===== DATA TO EXAMINE

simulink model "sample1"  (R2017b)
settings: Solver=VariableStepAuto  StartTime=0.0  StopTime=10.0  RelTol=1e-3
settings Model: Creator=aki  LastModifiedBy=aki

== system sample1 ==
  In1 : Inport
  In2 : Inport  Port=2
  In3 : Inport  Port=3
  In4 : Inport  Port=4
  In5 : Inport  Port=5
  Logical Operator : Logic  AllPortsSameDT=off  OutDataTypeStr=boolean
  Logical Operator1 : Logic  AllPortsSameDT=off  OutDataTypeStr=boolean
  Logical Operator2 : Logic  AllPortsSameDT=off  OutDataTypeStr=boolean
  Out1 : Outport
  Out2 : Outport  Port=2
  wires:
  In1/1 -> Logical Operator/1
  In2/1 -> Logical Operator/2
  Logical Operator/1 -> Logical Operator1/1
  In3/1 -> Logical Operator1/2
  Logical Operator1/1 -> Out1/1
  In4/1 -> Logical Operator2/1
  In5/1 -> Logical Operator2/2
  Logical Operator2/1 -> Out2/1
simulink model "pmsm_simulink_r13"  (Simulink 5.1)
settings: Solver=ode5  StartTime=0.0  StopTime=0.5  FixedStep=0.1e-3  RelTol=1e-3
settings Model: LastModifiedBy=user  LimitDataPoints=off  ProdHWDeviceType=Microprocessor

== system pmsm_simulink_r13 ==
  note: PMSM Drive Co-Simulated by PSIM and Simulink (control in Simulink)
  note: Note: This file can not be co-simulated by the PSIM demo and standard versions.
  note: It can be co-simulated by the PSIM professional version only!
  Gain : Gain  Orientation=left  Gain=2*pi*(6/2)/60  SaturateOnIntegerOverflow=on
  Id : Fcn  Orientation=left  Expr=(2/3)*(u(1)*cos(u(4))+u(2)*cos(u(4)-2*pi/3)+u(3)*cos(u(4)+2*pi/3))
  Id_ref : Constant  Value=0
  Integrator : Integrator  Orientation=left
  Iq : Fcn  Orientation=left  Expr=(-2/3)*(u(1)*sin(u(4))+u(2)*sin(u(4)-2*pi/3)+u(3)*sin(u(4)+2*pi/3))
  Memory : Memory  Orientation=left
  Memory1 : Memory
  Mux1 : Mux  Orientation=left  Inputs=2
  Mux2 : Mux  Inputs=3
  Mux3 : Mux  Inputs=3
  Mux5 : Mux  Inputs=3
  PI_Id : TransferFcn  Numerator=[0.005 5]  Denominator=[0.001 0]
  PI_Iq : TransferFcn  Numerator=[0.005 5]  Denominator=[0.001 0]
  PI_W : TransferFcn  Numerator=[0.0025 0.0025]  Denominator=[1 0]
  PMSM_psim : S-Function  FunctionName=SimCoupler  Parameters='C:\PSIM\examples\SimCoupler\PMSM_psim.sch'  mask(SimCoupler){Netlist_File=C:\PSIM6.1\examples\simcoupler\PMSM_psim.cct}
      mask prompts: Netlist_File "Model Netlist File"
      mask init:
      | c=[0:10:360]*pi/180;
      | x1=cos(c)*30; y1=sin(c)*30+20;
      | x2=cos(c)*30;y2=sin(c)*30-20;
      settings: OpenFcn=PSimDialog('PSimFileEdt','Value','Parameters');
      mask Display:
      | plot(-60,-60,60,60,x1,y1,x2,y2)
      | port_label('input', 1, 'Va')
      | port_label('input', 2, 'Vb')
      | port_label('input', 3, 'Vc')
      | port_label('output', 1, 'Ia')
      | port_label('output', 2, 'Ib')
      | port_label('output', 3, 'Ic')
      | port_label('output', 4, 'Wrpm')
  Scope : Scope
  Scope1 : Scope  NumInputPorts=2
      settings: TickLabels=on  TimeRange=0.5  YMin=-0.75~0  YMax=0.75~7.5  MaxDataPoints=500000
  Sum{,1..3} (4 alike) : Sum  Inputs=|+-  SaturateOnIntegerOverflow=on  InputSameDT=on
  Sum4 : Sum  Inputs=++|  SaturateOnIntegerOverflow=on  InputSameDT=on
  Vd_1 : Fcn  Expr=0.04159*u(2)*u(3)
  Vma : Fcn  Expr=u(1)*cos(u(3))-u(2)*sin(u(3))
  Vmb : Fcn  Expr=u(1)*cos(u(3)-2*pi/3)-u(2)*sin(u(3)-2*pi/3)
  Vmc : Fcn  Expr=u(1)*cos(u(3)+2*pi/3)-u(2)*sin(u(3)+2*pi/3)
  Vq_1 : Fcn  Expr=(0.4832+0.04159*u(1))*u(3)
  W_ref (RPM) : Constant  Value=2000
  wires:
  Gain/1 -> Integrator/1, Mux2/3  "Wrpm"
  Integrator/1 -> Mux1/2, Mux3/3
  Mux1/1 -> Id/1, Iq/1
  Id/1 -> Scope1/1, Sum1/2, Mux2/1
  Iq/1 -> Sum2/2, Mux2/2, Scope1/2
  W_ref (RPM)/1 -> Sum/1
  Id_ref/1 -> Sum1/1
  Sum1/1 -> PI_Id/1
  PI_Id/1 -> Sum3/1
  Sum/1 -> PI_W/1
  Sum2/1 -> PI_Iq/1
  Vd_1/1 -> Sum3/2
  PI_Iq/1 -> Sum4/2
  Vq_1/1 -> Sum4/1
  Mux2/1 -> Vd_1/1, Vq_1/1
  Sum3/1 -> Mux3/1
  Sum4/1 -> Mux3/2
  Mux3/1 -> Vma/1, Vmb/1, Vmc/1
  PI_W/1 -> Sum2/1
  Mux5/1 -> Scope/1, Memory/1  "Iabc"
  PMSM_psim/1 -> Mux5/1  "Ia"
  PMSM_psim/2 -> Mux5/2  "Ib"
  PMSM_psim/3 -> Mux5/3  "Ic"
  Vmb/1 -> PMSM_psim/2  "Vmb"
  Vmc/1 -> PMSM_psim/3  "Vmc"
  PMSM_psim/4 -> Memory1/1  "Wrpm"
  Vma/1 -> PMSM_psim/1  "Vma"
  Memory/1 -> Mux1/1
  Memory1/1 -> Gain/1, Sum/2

==========

**EXERCISE PROMPT:** Where a line above contains the word "boolean", show that line.

**COMPLETED TASK:**
  Logical Operator : Logic  AllPortsSameDT=off  OutDataTypeStr=boolean
  Logical Operator1 : Logic  AllPortsSameDT=off  OutDataTypeStr=boolean
  Logical Operator2 : Logic  AllPortsSameDT=off  OutDataTypeStr=boolean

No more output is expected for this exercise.